Berdasarkan artikel di atas, kegiatan ngaben ( kremasi ) merupakan hal yang penting dan begitu berarti bagi masyarakat yang menjalaninya. Ia merupakan suatu upacara yang menjadi bagian tak terpisahkan dalam kehidupan masyarakat setempat. Ngaben ( kremasi ) berarti harapan karena ia dapat mengembalikan jiwa yang telah terpisah dari tubuhnya untuk kembali kembali ke alam semesta dan menyatu dengan Sang Pencipta menurut kepercayaan dan keyakinan masyarakat setempat. Ngaben menjadi suatu bentuk upacara yang diyakini sebagai cara untuk dapat menghibur jiwa-jiwa yang telah meninggal dan agar jiwa-jiwa tersebut tidak terganggu dengan tangisan keluarganya sehingga ngaben bukanlah suatu acara duka dan bersedih-sedihan. Karena dari upacara ngaben, terlihat bahwa kematian bukanlah akhir dari jiwa yang terus hidup, melainkan awal bagi jiwa tersebut. Ia adalah cara hidup seseorang dan sebagai bentuk harapan yang sangat kuat bagi keluarga almarhum setelah kematian menjemput. Tidak tangis yang meliputi keluarga yang dtinggalkan, melainkan wajah-wajah yang bersemangat, penuh harapan bagi jiwa yang telah meninggal dan keluarga yang dtinggalkan jiwa tersebut.

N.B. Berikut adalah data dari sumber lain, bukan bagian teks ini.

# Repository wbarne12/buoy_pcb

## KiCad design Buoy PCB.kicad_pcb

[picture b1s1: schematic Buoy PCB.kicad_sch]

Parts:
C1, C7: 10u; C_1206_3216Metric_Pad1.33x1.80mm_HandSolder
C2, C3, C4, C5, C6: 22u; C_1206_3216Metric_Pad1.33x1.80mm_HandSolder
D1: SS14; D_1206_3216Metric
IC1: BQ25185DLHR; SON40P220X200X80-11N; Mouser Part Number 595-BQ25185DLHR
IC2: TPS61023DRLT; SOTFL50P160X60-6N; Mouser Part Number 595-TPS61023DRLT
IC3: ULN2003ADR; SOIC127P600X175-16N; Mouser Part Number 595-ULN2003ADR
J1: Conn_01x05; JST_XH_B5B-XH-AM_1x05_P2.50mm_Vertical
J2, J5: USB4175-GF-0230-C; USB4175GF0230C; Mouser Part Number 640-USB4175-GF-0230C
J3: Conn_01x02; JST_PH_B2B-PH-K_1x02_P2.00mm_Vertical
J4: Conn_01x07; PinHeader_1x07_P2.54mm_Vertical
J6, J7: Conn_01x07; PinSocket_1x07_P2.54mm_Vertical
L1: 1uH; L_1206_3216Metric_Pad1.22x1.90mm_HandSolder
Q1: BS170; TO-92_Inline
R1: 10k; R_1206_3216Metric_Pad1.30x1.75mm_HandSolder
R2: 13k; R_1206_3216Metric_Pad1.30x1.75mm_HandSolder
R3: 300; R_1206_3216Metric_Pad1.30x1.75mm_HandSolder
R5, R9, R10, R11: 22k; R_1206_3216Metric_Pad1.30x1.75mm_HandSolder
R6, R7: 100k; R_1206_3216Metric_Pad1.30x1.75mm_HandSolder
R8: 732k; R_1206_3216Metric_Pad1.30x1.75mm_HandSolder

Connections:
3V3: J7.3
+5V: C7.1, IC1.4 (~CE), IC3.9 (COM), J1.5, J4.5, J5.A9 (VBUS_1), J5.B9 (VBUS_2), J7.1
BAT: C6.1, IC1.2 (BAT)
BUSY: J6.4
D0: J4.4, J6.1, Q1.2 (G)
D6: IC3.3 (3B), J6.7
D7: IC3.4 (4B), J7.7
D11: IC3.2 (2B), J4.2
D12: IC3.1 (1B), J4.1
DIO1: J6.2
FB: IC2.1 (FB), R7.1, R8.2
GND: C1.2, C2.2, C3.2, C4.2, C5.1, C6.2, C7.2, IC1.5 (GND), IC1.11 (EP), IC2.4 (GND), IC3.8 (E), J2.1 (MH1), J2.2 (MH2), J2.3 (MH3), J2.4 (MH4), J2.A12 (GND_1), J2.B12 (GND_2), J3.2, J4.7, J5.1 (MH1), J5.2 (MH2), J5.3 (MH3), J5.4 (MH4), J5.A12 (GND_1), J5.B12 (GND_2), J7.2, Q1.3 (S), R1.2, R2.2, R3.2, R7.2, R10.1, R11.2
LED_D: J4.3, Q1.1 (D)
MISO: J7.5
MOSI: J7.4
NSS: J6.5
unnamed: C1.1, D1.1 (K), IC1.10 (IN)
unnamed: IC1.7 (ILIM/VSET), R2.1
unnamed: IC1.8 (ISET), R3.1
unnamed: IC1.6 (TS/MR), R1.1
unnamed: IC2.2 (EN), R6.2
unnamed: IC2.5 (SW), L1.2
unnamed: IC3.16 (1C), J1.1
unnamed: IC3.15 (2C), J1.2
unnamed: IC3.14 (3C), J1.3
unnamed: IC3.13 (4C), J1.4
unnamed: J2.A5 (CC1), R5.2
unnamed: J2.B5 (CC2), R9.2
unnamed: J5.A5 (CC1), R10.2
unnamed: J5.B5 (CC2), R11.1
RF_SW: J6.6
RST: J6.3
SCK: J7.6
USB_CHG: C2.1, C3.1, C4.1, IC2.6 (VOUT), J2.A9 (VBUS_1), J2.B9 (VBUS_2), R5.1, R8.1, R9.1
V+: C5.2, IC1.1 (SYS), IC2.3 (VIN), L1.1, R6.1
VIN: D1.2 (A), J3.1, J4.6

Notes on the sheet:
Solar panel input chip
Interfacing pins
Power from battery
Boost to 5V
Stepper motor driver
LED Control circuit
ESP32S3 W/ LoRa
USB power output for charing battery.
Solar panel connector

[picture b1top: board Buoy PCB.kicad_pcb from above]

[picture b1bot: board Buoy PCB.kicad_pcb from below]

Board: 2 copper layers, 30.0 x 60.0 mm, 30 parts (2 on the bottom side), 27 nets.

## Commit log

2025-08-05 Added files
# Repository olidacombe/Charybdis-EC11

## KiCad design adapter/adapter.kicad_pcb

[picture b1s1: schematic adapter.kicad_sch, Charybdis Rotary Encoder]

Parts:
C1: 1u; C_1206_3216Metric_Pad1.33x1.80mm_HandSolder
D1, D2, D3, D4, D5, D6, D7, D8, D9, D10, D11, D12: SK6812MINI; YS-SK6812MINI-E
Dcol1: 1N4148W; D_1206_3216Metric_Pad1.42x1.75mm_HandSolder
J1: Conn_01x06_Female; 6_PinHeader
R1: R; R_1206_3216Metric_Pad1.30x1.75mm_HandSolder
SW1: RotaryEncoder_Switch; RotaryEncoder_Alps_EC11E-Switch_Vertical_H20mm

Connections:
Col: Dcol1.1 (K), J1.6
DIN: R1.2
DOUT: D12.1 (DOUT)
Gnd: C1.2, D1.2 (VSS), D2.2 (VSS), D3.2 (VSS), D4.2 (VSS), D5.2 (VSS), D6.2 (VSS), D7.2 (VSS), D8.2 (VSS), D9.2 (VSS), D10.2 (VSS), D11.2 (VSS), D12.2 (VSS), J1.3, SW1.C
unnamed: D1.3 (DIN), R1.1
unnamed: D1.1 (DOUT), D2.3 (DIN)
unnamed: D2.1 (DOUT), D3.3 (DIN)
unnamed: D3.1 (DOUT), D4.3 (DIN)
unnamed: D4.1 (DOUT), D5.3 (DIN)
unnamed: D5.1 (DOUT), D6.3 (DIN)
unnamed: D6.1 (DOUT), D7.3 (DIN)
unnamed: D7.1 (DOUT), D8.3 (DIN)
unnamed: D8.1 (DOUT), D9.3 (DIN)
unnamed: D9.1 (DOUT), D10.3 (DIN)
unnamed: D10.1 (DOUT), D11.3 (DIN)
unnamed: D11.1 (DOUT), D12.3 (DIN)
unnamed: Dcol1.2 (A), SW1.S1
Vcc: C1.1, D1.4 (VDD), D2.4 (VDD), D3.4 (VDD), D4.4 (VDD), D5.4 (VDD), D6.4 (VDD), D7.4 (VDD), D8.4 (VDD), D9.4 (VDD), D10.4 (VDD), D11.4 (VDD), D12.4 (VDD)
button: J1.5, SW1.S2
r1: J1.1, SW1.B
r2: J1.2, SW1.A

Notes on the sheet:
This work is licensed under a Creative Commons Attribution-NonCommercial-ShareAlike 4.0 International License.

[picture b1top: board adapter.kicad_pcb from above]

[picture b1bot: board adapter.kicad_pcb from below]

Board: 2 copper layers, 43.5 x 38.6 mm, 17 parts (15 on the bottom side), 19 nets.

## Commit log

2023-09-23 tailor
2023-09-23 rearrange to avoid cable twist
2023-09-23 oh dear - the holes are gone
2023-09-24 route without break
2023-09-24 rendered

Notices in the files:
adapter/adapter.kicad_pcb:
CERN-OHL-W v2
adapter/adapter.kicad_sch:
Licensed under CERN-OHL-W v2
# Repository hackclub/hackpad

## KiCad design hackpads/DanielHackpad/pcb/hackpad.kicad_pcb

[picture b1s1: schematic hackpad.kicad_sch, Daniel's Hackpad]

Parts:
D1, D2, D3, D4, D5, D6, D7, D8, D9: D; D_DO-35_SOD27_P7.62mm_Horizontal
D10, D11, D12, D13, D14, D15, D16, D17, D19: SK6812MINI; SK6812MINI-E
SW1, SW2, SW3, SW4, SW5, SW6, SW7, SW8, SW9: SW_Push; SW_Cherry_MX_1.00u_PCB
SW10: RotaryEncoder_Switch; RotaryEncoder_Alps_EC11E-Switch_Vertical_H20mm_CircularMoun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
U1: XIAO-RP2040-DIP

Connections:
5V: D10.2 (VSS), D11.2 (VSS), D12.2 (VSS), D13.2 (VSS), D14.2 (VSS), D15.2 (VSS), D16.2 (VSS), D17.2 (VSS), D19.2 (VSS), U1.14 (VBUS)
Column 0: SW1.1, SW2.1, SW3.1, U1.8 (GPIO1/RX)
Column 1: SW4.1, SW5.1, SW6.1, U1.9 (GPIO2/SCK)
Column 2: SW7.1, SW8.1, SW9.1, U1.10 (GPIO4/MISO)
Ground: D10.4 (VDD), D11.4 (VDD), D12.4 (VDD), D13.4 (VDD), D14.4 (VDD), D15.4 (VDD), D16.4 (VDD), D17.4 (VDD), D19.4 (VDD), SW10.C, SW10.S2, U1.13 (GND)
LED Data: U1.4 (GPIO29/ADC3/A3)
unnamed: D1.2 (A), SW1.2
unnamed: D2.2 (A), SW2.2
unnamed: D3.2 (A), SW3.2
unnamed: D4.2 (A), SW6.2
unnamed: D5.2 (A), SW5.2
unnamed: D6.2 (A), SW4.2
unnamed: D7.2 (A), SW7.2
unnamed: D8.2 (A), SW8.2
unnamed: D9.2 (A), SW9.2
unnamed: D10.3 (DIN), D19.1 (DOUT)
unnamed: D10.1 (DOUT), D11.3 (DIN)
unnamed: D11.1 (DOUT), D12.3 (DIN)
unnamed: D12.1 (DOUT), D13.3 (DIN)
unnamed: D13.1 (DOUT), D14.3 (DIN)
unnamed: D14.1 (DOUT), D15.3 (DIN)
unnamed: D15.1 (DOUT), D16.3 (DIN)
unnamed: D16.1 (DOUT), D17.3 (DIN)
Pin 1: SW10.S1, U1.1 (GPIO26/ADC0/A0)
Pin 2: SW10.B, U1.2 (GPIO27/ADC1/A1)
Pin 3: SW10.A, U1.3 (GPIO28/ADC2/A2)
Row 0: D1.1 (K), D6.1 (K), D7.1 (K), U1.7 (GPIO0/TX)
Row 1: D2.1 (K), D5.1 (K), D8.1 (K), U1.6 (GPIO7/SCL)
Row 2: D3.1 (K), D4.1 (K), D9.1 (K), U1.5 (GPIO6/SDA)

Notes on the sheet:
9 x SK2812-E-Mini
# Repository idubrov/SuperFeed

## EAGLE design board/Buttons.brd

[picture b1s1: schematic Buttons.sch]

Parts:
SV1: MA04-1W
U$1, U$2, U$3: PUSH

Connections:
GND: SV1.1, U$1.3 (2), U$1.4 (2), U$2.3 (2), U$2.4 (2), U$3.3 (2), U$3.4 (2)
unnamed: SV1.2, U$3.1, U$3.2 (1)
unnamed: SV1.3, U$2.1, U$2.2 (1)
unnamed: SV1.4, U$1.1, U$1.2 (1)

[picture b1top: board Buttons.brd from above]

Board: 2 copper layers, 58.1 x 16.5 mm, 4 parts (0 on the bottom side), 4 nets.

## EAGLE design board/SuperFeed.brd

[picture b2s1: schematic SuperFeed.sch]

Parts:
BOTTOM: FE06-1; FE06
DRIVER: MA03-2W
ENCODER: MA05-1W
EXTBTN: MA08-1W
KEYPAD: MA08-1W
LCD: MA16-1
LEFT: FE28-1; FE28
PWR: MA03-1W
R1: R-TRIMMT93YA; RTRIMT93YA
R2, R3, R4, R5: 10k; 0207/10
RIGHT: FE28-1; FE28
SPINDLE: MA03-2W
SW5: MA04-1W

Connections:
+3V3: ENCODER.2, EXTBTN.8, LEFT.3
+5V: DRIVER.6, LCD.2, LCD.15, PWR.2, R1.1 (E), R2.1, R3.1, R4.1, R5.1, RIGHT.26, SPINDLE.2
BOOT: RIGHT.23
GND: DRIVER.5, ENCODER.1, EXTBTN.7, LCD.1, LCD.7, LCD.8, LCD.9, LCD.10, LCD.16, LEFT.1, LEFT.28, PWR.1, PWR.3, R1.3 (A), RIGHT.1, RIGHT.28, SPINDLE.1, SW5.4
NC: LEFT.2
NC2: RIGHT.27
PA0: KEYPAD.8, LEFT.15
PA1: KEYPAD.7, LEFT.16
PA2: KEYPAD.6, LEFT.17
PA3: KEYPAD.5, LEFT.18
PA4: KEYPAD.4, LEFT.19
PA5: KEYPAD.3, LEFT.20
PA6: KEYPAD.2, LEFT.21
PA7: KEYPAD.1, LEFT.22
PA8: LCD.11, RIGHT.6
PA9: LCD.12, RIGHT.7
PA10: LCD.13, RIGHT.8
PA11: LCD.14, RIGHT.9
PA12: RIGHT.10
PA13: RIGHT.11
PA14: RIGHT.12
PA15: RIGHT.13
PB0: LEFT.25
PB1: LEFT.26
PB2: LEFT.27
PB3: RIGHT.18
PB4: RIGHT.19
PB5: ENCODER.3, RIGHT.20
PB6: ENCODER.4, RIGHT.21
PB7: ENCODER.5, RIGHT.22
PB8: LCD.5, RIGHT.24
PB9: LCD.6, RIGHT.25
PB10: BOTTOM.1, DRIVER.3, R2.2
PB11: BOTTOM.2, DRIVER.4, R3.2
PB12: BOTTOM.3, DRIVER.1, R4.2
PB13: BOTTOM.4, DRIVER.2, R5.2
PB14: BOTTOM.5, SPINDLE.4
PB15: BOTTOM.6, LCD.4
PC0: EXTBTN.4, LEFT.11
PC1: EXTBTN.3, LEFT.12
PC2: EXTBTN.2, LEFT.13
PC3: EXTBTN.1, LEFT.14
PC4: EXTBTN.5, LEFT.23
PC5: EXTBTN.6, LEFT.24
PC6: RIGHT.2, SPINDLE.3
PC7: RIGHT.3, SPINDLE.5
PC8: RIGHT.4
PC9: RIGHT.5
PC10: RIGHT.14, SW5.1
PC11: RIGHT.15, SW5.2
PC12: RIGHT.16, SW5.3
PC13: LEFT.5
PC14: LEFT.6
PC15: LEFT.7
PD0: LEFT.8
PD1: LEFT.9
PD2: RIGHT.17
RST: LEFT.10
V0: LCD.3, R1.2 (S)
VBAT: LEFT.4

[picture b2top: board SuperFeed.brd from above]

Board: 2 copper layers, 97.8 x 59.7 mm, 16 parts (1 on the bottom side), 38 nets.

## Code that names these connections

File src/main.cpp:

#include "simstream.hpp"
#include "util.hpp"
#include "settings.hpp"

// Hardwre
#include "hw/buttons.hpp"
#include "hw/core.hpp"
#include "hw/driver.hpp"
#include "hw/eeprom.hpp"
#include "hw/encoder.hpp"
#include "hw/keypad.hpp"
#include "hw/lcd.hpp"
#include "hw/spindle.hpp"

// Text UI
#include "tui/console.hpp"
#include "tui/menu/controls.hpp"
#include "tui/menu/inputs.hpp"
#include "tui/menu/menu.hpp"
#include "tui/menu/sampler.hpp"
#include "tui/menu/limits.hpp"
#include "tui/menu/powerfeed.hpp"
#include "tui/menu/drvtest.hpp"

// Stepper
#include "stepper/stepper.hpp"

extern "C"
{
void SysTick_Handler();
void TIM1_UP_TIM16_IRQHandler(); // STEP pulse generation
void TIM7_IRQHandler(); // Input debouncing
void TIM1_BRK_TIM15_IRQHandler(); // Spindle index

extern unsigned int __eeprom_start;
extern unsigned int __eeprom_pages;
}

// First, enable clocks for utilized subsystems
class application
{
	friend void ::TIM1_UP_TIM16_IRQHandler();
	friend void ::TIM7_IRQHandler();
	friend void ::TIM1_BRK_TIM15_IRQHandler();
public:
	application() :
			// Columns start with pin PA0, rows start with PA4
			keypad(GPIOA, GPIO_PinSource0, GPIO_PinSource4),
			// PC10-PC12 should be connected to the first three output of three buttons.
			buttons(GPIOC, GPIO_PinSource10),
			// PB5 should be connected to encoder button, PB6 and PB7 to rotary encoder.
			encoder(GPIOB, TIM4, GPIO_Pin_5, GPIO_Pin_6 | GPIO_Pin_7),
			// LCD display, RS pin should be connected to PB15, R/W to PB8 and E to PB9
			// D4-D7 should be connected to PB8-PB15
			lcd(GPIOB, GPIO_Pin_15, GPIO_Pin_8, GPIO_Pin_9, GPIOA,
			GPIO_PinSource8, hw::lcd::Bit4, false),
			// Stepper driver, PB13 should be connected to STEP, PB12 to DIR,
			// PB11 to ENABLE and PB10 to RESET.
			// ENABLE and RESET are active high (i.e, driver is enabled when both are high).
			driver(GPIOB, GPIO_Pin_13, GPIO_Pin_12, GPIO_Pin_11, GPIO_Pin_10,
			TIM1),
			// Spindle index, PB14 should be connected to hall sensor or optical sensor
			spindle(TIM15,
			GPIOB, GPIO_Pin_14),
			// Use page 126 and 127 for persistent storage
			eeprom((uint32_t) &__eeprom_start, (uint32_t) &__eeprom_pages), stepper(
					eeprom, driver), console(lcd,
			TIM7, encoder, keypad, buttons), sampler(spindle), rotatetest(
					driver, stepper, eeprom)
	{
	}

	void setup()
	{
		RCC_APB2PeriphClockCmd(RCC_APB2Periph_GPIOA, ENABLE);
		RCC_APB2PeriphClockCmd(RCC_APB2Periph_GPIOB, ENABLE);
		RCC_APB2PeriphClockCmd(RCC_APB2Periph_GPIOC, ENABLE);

Dari perihal seputar upacara ngaben di atas, dapat dikatakan bahwa harapan tidak hanya sebagai suatu hasil pemikiran akal dan budi, dorongan kebutuhan hidup, dan pencapaian atas hasrat berupa kehendak yang terwujud, harapan pun sebagai motivasi dan penopang hidup yang memiliki nilai-nilai yang terkandung di dalamnya, dalam hal ini berupa nilai-nilai kebaikan dan kebajikan. Nilai-nilai kebaikan dan kebajikan ini memberikan makna dan warna kehidupan dalam harapan yang dimiliki oleh setiap manusia. Oleh sebab itulah, harapan menjadi begitu sangat berharga dan penting dalam menjalani kehidupan.